The basic technique is to multiply the equation with $z^{N}$ , sum over all $N$ , recast in terms of the generating function (or derivative, etc). Then solve for the generating function, and expand to get the coefficient of $z^{N}$ . That will be your solution.

One very important caveat is that one must account for the initial conditions! You cannot solve for it in the end - they are part of your equation from the start!

Example

$\begin{equation*} a_{n}=5a_{n-1}-8a_{n-2}+4a_{n-3},a_{0}=0,a_{1}=1,a_{2}=4 \end{equation*}$

becomes:

$\begin{equation*} a_{n}=5a_{n-1}-8a_{n-2}+4a_{n-3}+\delta_{n,1}-\delta_{n,2} \end{equation*}$

How did I get these? Assume that if the index is negative, the value is 0. Then plug in $n=1$ and figure out what term to add to make the equation valid for $a_{1}$ , and so on.

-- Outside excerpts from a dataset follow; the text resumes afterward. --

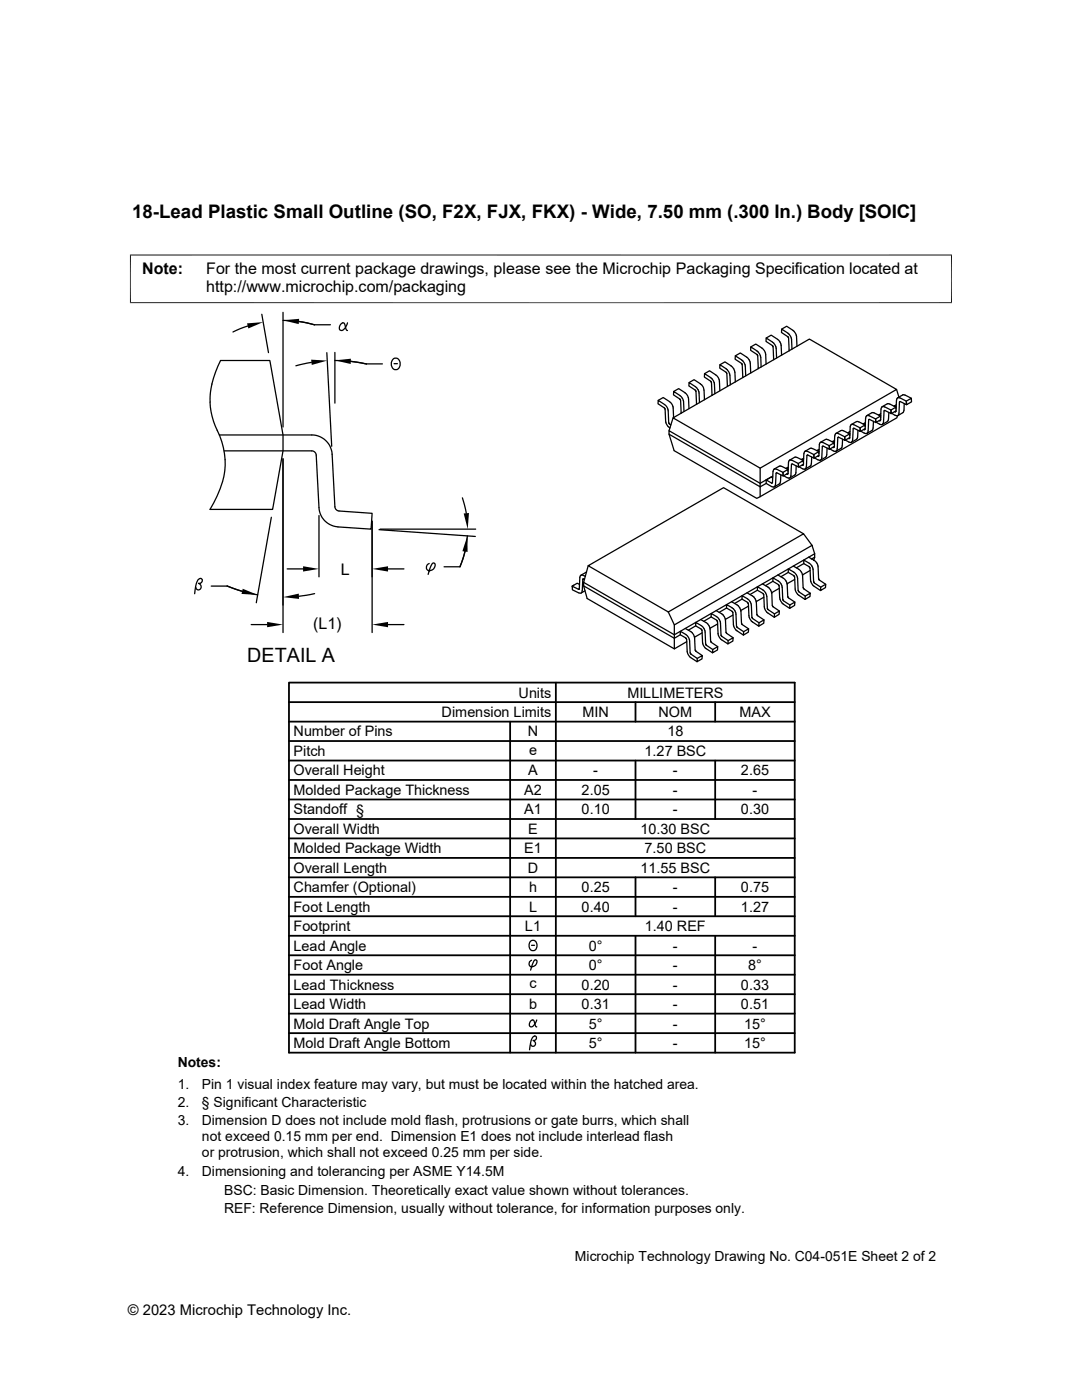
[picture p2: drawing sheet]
<svg xmlns="http://www.w3.org/2000/svg" width="216mm" height="279mm" viewBox="0 0 216 279" stroke-linecap="round" stroke-linejoin="round" font-family="sans-serif">
<g fill="none" stroke="#000" stroke-width=".25">
<path d="M42.3 76.7l.7-2.4 1-2.4h9.8l2.7 14.9v3.2l-2.1 11.7h-12.5a16.5 16.5 0 0 0 2.9-11.2 23.5 23.5 0 0 0-2.2-6.4l-.5-1.9-.2-1.9M42.3 76.6l-.3 1.8-.1 1.8M49.4 65.1l-2.9 1.2M52.2 62.7l1.4 7.7M56.5 62.3v22.9M56.5 63.9a21.6 21.6 0 0 1 6.3 .9M59.6 64.2l.8 .1a16.6 16.6 0 0 0 5.5 .5M62.1 72.3l-3.1 .7M65.2 70.4l1 18.7M66.8 70.3v10.2M66.8 71.9l3.2 .2 3.1 .5M69.3 64.4l-.1 .4a1.59 1.59 0 0 1-1.1 1.2 .86 .86 0 0 1-.4-.9 .86 .86 0 0 1 .7-.7l.3 .1 .3 1.1 .3 .4"/>
<path d="M70 72.1l3.1 .5M73.1 72.6h3.2M78.5 71.6a1.1 1.1 0 0 1 1.3 .5 1.1 1.1 0 0 1-.2 1.3 .85 .85 0 0 1-1 .3 .85 .85 0 0 1-.5-.8 1.51 1.51 0 0 1 .4-1.3zM78.6 72.6h.7M131.3 79.9l1-.6 1.5 1 .5 .8M134.4 78.1l1-.5 1.3 .8M135.6 79.7h.1M135.7 79.7l.1 .1M135.8 79.8v.1M135.8 79.9l.1 2.4M136.2 79.5l-.4-.4-1.4-1v.7l1.2 .8M136.2 79.5l.2 .7 .1 1.9"/>
<path d="M136.7 78.4l.5 .5 .1 .4 .2 2.3M137.5 76.3l1-.5 1.3 .8M138.8 77.9l.1 .2M138.9 78.1l.1 2.6M139.3 77.7l-.4-.4-1.4-1v.7l1.3 .9M139.3 77.7l.1 .4M139.4 78.1l.2 2.2M139.7 76.6l.6 .5 .1 .5 .2 2.2M140.6 74.6l1-.6 1.5 1 .4 .8M141.8 75.4l.3 .2M141.9 75.4l-1.3-.8-.1 .6 1.3 .9 .1 .2M142 76.3l.1 2.6"/>
<path d="M142.1 75.6l.4 .8M142.5 76.3l.1 2.3M143.5 75.8l.1 2.2M143.7 72.8l1-.6 1.2 .8M144.9 74.3l-1.3-.8 .1-.7 1.4 1 .5 1.1M144.9 74.3v.1M144.9 74.3l.1 .2M145 74.5h.1M145 74.6l.1 2.3M145.1 77l.1 .1M145.6 74.9l.1 1.9M145.9 73.1l.5 .5 .2 .7"/>
<path d="M146.6 74.3l.1 1.9M146.7 71l1-.6 1.4 1 .4 .4M148 71.8l-1.3-.8v.7l1.4 1M148 71.9l.5 .5 .2 .4M148.1 72.7l.2 2.7M148.7 72.8l.1 2.2M149.5 71.8l.2 .7 .1 1.9M149.8 69.2l1-.5 1.3 .8M151 70.8h.1M151.1 70.1l.2 .2M151.1 70.8l.1 .2M151.1 70.1l-1.3-.9v.7l1.2 .8"/>
<path d="M151.2 71l.1 2.4M151.3 73.4v.2M151.3 70.3l.4 .7M151.7 71l.2 2.2M152.1 69.5l.4 .5 .2 .4M152.7 70.4l.2 2.3M152.9 67.5l1-.6 1.3 .8M154.1 69l-1.3-.9 .1-.6 1.4 .9 .5 .9M154.1 69h.1M154.2 69l.2 2.6M154.4 71.6v.2M154.8 69.2l.2 2.3"/>
<path d="M155.2 67.7l.4 .5 .2 .5M155.8 68.7l.2 2.2M156 65.7l1-.6 1.5 1 .4 .8 .1 2.2M157.2 66.5l.5 .6 .2 .4M157.2 66.5l-1.2-.8-.1 .7 1.4 .9 .2 2.7M157.9 67.5l.1 2.2M178.9 77.7l.5 1.5M179.1 79.4l1.2-.6 1.5 .7M179.1 79.4l-.2 .3-.1 1.9M179.1 79.4h.4l1.3 .7 .1 .7-1.3-.7M43.8 86.8h18.4a4.1 4.1 0 0 1 4.1 3.9l.5 10.4 .2 .5 .6 .4 6.7 .4-.3 3.2-6.6-.4a4.1 4.1 0 0 1-3.8-3.9l-.5-10.5a.91 .91 0 0 0-.9-.8h-17.5M56.5 91.6v34.6"/>
<path d="M92.3 99.4l.7 3M132.6 80.7l-1.3-.8v.7l1.4 1 .2 2.8M132.6 80.8l.5 .5 .2 .4M132.9 84.3l.4 .8M133.3 81.7l.2 2.7 .1 .2M133.3 85.1l.4 .3M133.5 86l18.2 10.5v.7l-18.2-10.5zM133.6 84.6l.3 .2M134.3 81.1l.1 2.2M134.3 83.4l-.8 2.6M134.3 83.4l27.2-15.7 17.4 10-27.2 15.7zM135.9 82.3v.2"/>
<path d="M151.7 93.4v3.1l2.5-1.5M152.9 96.5l-1.2 .7v1.9M152.9 95.8v.7l1.1 .6M154 97.1l.5 .1M154.2 95.4l-.3-.2-1 .6M154.3 93.8l-.2 2.6h-.1l-1.1-.6M154.5 93.6l-.2 .2M154.5 93.6l.5 .1M155 93.6l1.2 .7 .1 .7-1.3-.6M155 94.4h-.1l-.2 2.3-.2 .5M155.8 94.8l-.1 1.6-1.2 .8M156 93.1l-.4-.1-1.1 .6"/>
<path d="M156 93.1l1.2 .6M156.2 94.3l1-.6 .1 .7-1 .6zM156.4 94.9l.7 .4M156.8 93.5l.5 .1M157 94.6l.1 .1M157.1 95.3l.5 .1M157.2 94.4l-.1 .2M157.3 93.2l-.3 .2M157.4 92l-.2 2.1M157.4 92a.39 .39 0 0 1 .6-.1l1.3 .6v.7l-1.2-.6h-.2l-.1 2.4-.2 .4M158.5 91.3l-1 .5M158.6 91.3l.3-.1 1.4 .7"/>
<path d="M158.9 93l-.2 1.6-1.1 .8M159.3 92.5l1-.6v.7l-1 .6zM159.4 93.2l.8 .4h.5M159.9 91.7l.4 .1M160 92.8l.2 .1M160.3 92.8l-.1 .1M160.3 92.7v.1M160.4 91.5l-.4 .2M160.4 90.5l-.1 1.8M160.5 90.3l-.1 .2M160.5 90.2a.39 .39 0 0 1 .6-.1l1.3 .6v.7l-1.2-.6M160.9 93.1l-.2 .5"/>
<path d="M161.1 90.8l-.2 2.3M161.1 90.8h.1M161.8 92.9l-1.1 .7M161.9 92.5l-.1 .4M162 91.2l-.1 1.3M162.1 89.5h-.4l-1.1 .6M162.1 89.5l1.3 .6M162.4 90.7l1-.6v.8l-1 .5zM162.5 91.4l.7 .4M163 89.9l.4 .1M163.2 91.8h.6M163.4 90.9l-.1 .2-.2-.1"/>
<path d="M163.4 89.7l-.3 .2M163.6 88.5l-.2 2M163.7 88.3l-.1 .2M163.7 88.3h.5M163.9 91.7l-.1 .1M164.2 88.3l1.3 .6v.8l-1.2-.7-.2 .1-.2 2.6M165 89.4l-.2 1.8-1 .6M165.2 87.8l-.4-.1-1.1 .6M165.2 87.7l1.3 .7M165.5 88.9l1-.5v.7l-1 .6zM165.6 89.6l.7 .4M166.1 88.2l.4 .1"/>
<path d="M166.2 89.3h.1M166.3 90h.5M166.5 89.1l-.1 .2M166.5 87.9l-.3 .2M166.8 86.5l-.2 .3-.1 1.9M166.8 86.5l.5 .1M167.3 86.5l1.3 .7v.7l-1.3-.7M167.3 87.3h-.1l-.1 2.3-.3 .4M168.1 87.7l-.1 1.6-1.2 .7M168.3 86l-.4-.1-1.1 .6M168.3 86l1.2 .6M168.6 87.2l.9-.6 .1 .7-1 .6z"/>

Now multiply by $z^{n}$ and sum:

$\begin{equation*} A(z)=5zA(z)-8z^{2}A(z)+4z^{3}A(z)+z-z^{2} \end{equation*}$

Solve for $A(z)$ , decompose into partial fractions, and get the solution.

Notes

When you have constant coefficient linear equation, if your root is complex, there will be some kind of periodicity!
If a root is -1, you’ll get some periodicity.